An increasing number of companies (large and small) are really insistent that we ping them with all blog updates, for reasons I won't rant about.
Just to prove a point, I flooded a couple of them and found that sure enough, nobody can really keep up. It's even more annoying when they don't even support persistent HTTP connections.
So --- I decided to turn things on their head and make them get data from us. If they can't keep up, it's their loss.

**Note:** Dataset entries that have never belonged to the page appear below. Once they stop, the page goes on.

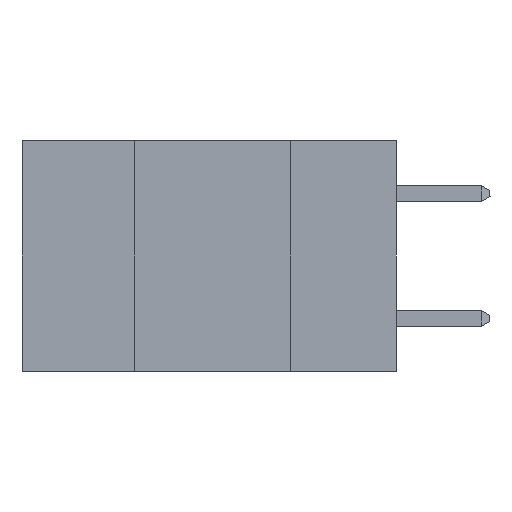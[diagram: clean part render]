
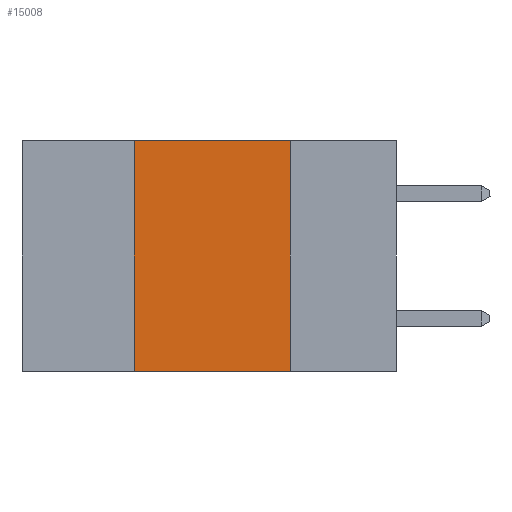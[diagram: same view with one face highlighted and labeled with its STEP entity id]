
A CAD part, left-side view. The second image highlights one B-rep face of the part: STEP entity #15008.
In plain terms, the highlighted planar face has unit normal (-1, 0, 0).
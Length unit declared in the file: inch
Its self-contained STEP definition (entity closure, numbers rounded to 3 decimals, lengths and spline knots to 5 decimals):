
#212 = EDGE_CURVE ( 'NONE', #6444, #10614, #8181, .T. ) ;
#1032 = FACE_OUTER_BOUND ( 'NONE', #9208, .T. ) ;
#1127 = CARTESIAN_POINT ( 'NONE',  ( 0., 0.42, 0. ) ) ;
#1214 = LINE ( 'NONE', #11741, #7696 ) ;
#1249 = VECTOR ( 'NONE', #15882, 39.37008 ) ;
#1621 = CARTESIAN_POINT ( 'NONE',  ( 0., 0.42, 0. ) ) ;
#1800 = VECTOR ( 'NONE', #9566, 39.37008 ) ;
#2646 = DIRECTION ( 'NONE',  ( 1., 0., 0. ) ) ;
#3077 = EDGE_CURVE ( 'NONE', #6444, #17207, #4253, .T. ) ;
#4253 = LINE ( 'NONE', #5194, #1800 ) ;
#4759 = CARTESIAN_POINT ( 'NONE',  ( 0., 0.17, 0. ) ) ;
#5026 = ORIENTED_EDGE ( 'NONE', *, *, #17885, .F. ) ;
#5194 = CARTESIAN_POINT ( 'NONE',  ( 0., 0.6, -0.37 ) ) ;
#5376 = ORIENTED_EDGE ( 'NONE', *, *, #6539, .F. ) ;
#6444 = VERTEX_POINT ( 'NONE', #7243 ) ;
#6539 = EDGE_CURVE ( 'NONE', #14490, #17207, #9212, .T. ) ;
#7243 = CARTESIAN_POINT ( 'NONE',  ( 0., 0.42, -0.37 ) ) ;
#7254 = DIRECTION ( 'NONE',  ( 0., -1., 0. ) ) ;
#7696 = VECTOR ( 'NONE', #7254, 39.37008 ) ;
#8181 = LINE ( 'NONE', #1621, #1249 ) ;
#8528 = VECTOR ( 'NONE', #16338, 39.37008 ) ;
#8595 = PLANE ( 'NONE',  #16510 ) ;
#9208 = EDGE_LOOP ( 'NONE', ( #5376, #5026, #14899, #17398 ) ) ;
#9212 = LINE ( 'NONE', #4759, #8528 ) ;
#9566 = DIRECTION ( 'NONE',  ( 0., -1., 0. ) ) ;
#10614 = VERTEX_POINT ( 'NONE', #1127 ) ;
#11391 = CARTESIAN_POINT ( 'NONE',  ( 0., 0.6, 0. ) ) ;
#11741 = CARTESIAN_POINT ( 'NONE',  ( 0., 0.6, 0. ) ) ;
#14043 = CARTESIAN_POINT ( 'NONE',  ( 0., 0.17, 0. ) ) ;
#14490 = VERTEX_POINT ( 'NONE', #14043 ) ;
#14899 = ORIENTED_EDGE ( 'NONE', *, *, #212, .F. ) ;
#15008 = ADVANCED_FACE ( 'NONE', ( #1032 ), #8595, .F. ) ;
#15882 = DIRECTION ( 'NONE',  ( 0., 0., 1. ) ) ;
#16338 = DIRECTION ( 'NONE',  ( 0., 0., -1. ) ) ;
#16510 = AXIS2_PLACEMENT_3D ( 'NONE', #11391, #2646, #18401 ) ;
#17064 = CARTESIAN_POINT ( 'NONE',  ( 0., 0.17, -0.37 ) ) ;
#17207 = VERTEX_POINT ( 'NONE', #17064 ) ;
#17398 = ORIENTED_EDGE ( 'NONE', *, *, #3077, .T. ) ;
#17885 = EDGE_CURVE ( 'NONE', #10614, #14490, #1214, .T. ) ;
#18401 = DIRECTION ( 'NONE',  ( 0., 0., -1. ) ) ;

Prototype: (not its final home)
$ telnet danga.com 8081 GET /atom-stream.xml HTTP/1.0<enter> <enter>
And enjoy the never ending XML stream of Atom feeds, each containing one entry. And if you get more than 256k behind (not including your TCP window size), then we start dropping entries to you and you see:
<sorryTooSlow youMissed="23" />
I think soon we'll get TypePad and perhaps MovableType blogs all being sent through this. The final home will probably be on a subdomain of sixapart.com somewhere, including documentation better than this blog entry.
And yes, I'm sure my Atom syntax is bogus or something. I spent a good 2 minutes on that part of it.
Hmm. I don't understand how but somehow when I try this on my Windows box here it starts printing out gibberish and items from my command history going back weeks. Weird stuff. On my linux box it messes up my terminal. I guess there are some control characters in there causing weirdness. Good thing that telnet isn't the recommended way to access this. ;)
Hopefully this stuff will start getting PubSubbed at some point, assuming that someone can keep up with it well enough to produce decent PubSub output.
An increasing number of companies (large and small) are really insistent that we ping them with all blog updates, for reasons I won't rant about.
Uhh, do they have rocks in their heads? At ~6 posts a second, thats like asking to take a shower via a firehose.
I'd just get something in writing just to confirm they really want to do this. Then when you open the proverbial floodgates upon them they cant nail you or 6A for blowing the servers off of the face of the planet.
In their defense its probably some marketing/management drone pressing for you to do this, while the admins are already getting their white flags and upstream blocks in place.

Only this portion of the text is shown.